After recent policy changes removing most medical debts from credit reports, Americans are seeing their credit scores increase, but experts warn of the need to monitor billing and collection practices for unintended consequences.

Since the major credit bureaus in the United States enacted changes to policies around reporting medical debt in collections, the share of consumers experiencing this debt has declined significantly and their credit scores have increased, according to an analysis from the Urban Institute.1 However, patients can still be sued over unpaid medical bills, and further reforms are needed to alleviate these financial burdens.

Senior couple checking their bills | Image Credit: © WavebreakMediaMicro - stock.adobe.com

Senior couple checking their bills | Image Credit: © WavebreakMediaMicro - stock.adobe.com

The credit bureau policy changes that have taken effect over the past 18 months include the following:

  • July 2022: removing paid medical collections from credit reports and lengthening the grace period for reporting unpaid medical collections from 6 months to 1 year
  • August 2022: removing medical debt in collections from calculation of Vantage Scores
  • April 2023: preventing medical collections less than $500 from appearing on consumer credit reports.

Urban Institute authors noted that medical debt has accounted for most of the debt in collections on consumer credit reports for the past decade, and depressed credit scores can hurt one’s ability to access loans, obtain insurance, be hired for a job, or rent an apartment.

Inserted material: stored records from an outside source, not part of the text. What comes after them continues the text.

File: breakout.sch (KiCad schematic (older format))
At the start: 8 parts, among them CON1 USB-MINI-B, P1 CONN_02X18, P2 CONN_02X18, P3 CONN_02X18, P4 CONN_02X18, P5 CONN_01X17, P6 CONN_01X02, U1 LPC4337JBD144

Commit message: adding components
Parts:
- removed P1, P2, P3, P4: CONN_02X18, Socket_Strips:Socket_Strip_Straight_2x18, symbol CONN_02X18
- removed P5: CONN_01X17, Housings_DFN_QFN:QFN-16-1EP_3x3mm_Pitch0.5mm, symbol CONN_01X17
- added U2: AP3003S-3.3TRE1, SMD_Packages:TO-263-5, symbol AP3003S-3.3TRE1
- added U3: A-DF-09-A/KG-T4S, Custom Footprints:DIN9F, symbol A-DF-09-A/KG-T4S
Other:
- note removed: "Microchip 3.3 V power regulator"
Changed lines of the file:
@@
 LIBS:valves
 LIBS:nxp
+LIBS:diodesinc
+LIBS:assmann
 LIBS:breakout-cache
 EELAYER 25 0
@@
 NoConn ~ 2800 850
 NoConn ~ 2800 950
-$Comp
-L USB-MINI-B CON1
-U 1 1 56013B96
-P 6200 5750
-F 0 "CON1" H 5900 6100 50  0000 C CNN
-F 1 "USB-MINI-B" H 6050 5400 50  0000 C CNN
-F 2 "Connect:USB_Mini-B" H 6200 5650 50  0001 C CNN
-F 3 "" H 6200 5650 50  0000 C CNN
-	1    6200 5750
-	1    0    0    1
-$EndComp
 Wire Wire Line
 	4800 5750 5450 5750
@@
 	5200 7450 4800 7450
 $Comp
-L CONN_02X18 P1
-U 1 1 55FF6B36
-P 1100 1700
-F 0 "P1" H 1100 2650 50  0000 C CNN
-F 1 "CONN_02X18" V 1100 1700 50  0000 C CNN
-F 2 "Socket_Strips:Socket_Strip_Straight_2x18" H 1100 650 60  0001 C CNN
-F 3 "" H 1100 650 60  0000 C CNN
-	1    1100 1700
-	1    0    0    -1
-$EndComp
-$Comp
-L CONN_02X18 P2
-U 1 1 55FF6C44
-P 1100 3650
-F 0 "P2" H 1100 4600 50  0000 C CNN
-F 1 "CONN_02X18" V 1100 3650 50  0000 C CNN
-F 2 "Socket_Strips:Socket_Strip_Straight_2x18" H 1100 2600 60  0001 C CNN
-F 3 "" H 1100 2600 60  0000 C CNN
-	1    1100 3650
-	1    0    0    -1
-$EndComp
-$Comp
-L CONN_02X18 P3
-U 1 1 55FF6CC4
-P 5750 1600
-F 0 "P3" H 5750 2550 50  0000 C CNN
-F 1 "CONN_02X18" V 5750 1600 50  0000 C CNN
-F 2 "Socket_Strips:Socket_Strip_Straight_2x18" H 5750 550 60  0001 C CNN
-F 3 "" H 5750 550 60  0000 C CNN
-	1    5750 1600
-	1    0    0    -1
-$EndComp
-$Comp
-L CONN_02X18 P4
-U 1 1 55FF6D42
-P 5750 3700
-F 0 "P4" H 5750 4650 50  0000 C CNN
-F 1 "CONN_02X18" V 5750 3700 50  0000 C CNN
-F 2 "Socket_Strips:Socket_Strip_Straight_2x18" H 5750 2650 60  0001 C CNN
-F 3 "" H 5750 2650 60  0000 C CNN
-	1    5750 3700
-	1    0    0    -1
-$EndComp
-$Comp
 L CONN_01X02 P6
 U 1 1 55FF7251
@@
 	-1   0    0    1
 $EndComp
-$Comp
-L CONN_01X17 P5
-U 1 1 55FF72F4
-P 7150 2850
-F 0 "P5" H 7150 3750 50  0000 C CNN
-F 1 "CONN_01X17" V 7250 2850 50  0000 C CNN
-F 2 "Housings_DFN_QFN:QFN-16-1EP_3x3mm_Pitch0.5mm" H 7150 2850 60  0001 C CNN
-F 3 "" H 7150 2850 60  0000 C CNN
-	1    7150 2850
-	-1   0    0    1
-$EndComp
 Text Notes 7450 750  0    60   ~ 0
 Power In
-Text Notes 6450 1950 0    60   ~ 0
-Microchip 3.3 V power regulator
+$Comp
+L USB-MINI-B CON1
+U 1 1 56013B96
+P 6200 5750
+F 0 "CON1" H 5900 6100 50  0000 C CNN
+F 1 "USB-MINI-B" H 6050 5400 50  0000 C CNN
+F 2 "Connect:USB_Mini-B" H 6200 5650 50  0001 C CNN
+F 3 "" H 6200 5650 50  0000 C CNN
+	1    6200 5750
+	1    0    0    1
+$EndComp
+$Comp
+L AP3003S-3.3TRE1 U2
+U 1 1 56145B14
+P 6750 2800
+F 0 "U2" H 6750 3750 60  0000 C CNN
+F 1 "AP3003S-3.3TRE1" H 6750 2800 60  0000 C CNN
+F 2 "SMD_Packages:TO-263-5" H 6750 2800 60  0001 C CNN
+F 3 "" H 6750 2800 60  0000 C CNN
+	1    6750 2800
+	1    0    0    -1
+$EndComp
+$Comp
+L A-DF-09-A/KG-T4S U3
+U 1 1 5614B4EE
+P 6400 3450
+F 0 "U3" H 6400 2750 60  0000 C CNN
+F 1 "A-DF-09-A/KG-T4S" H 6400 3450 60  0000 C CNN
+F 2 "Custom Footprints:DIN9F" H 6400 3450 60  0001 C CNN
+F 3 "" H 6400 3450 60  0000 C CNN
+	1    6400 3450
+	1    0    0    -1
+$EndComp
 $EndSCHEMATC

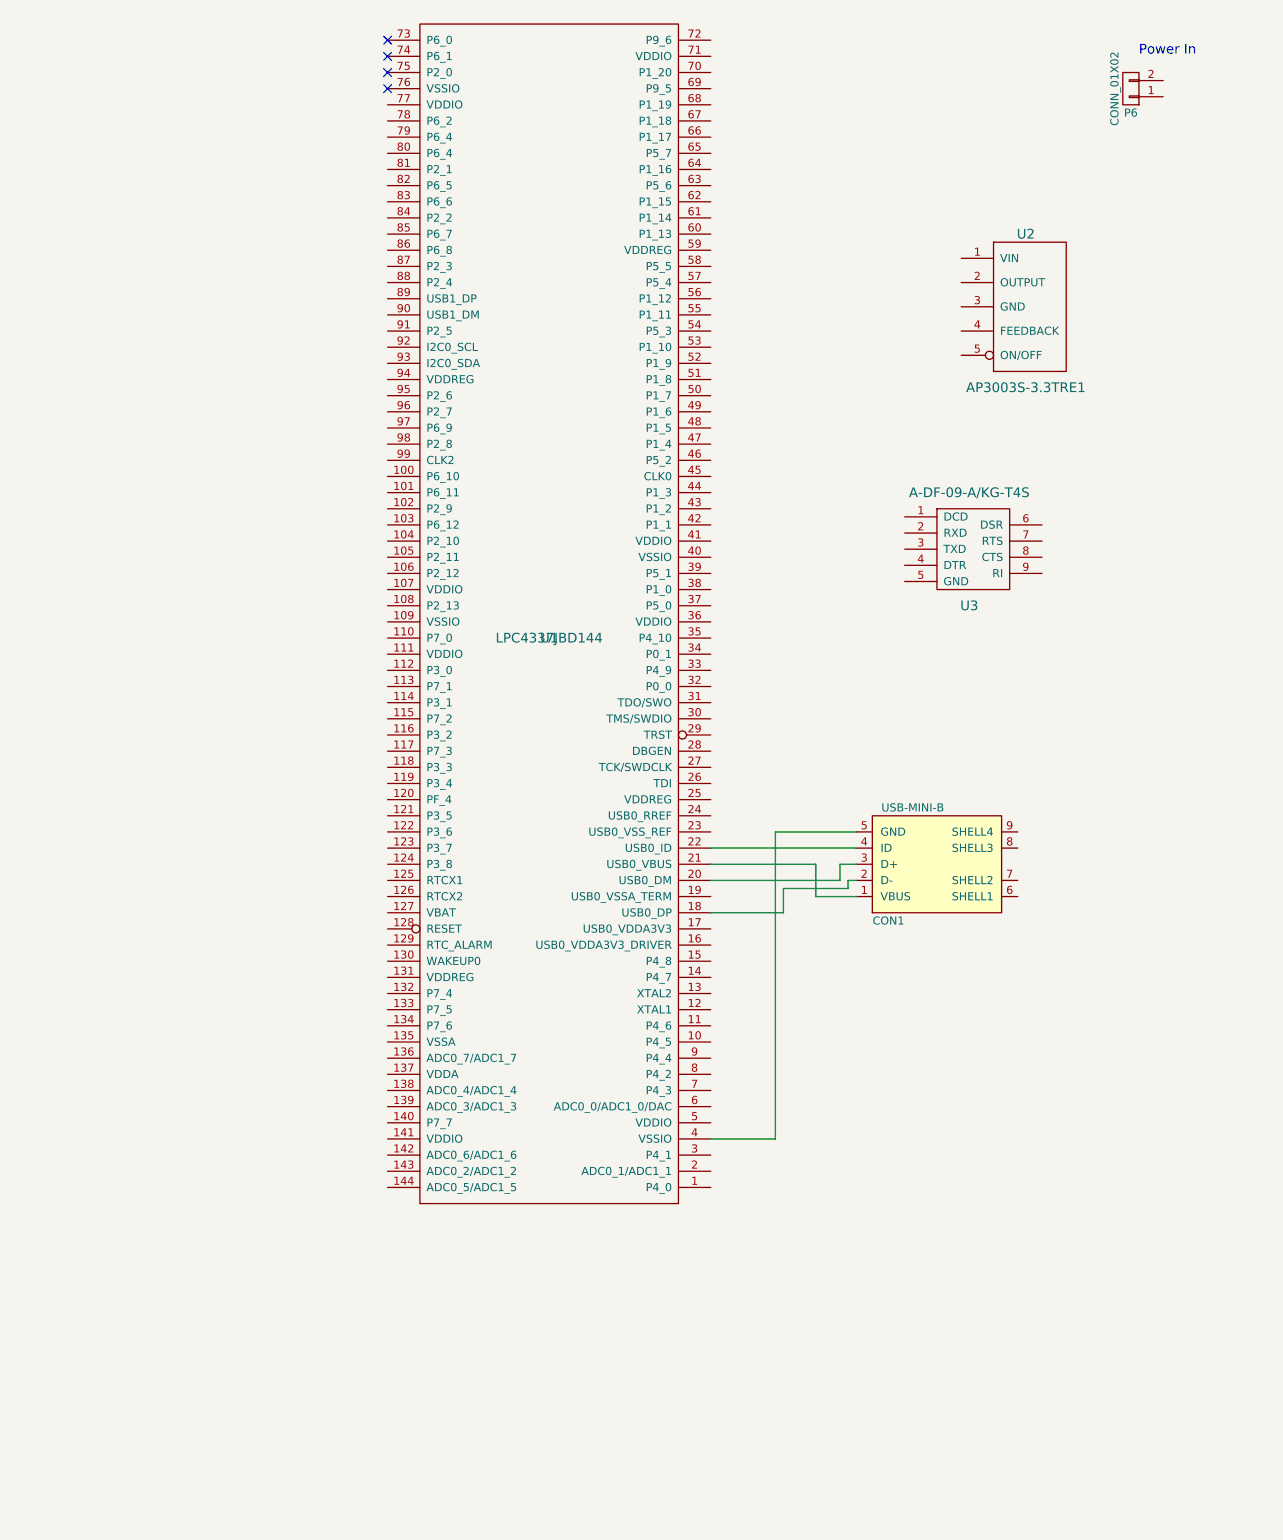
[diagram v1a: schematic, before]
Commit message: working up a netlist of components
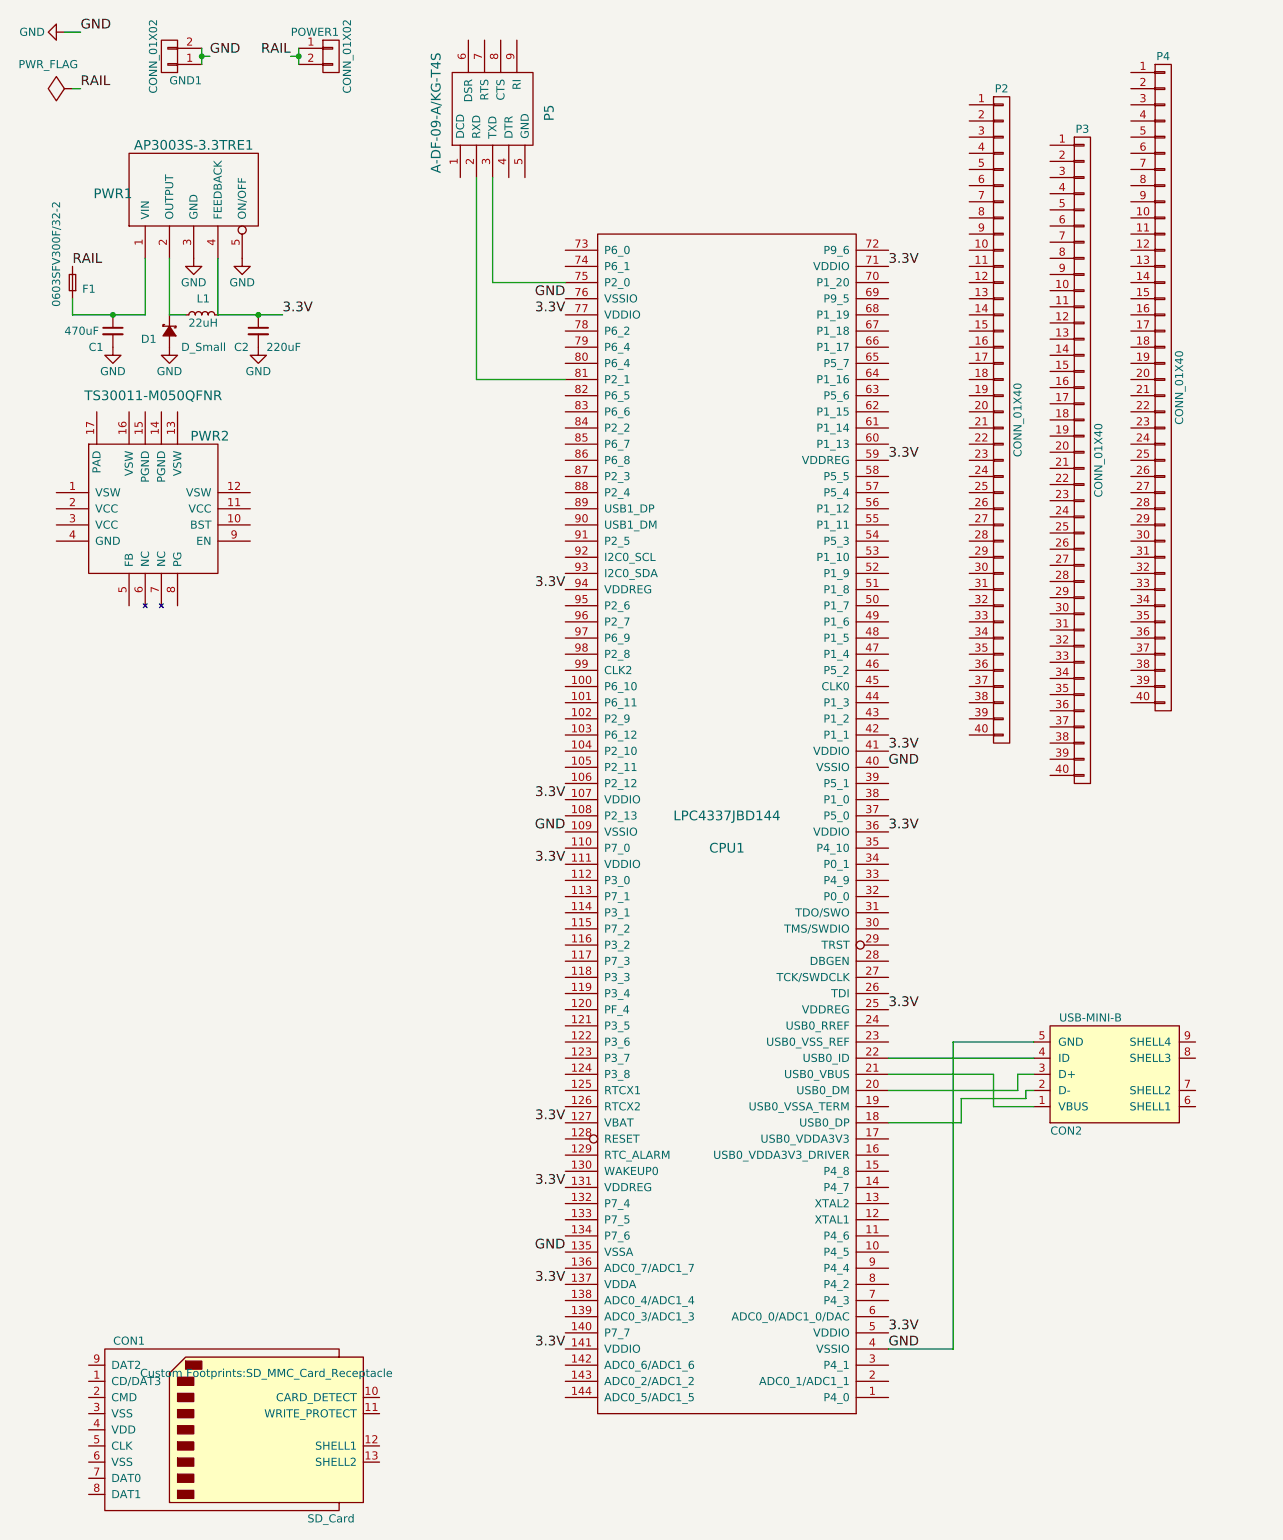
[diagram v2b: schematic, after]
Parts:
- added C1: 470uF, Capacitors_SMD:C_0201, symbol C_Small
- added C2: 220uF, Capacitors_SMD:C_0201, symbol C_Small
- added CON1: SD_Card, Custom Footprints:SD_MMC_Card_Receptacle, symbol SD_Card
- added D1: D_Small, Diodes_ThroughHole:Diode_DO-35_SOD27_Horizontal_RM10, symbol D_Schottky_Small
- added F1: 0603SFV300F/32-2, SMD_Packages:SMD-1206_Pol, symbol F_Small
- added GND1: CONN_01X02, Terminal_Blocks:TerminalBlock_WAGO-236_2Stift_RM5mm_1pol, symbol CONN_01X02
- added L1: 22uH, SMD_Packages:SMD-1206_Pol, symbol L_Small
- added P2, P3, P4: CONN_01X40, Socket_Strips:Socket_Strip_Straight_1x40, symbol CONN_01X40
- added PWR2: TS30011-M050QFNR, Housings_DFN_QFN:QFN-16-1EP_3x3mm_Pitch0.5mm, symbol TS30011-M050QFNR
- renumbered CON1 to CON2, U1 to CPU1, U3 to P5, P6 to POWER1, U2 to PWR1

The proportion of consumers with medical debt in collections was decreasing even prior to the credit bureau policy changes—from 16.0% in August 2018 to 12.6% in February 2022, and this decline intensified, leaving just 5.0% of adults with this type of debt in August 2023.

“We estimate more than 15 million consumers might have had all their medical debt in collections erased from their credit files in the past year,” the analysis authors wrote.

Those who had medical debt in collections in August 2022 have also seen their credit scores increase, from a mean of 585 at that point to 615 in August 2023. This rise lifts the mean score out of the subprime range, which denotes a riskier borrower and thus a higher interest rate, into the near-prime category, with tangible impacts on the terms of the loans they are able to secure.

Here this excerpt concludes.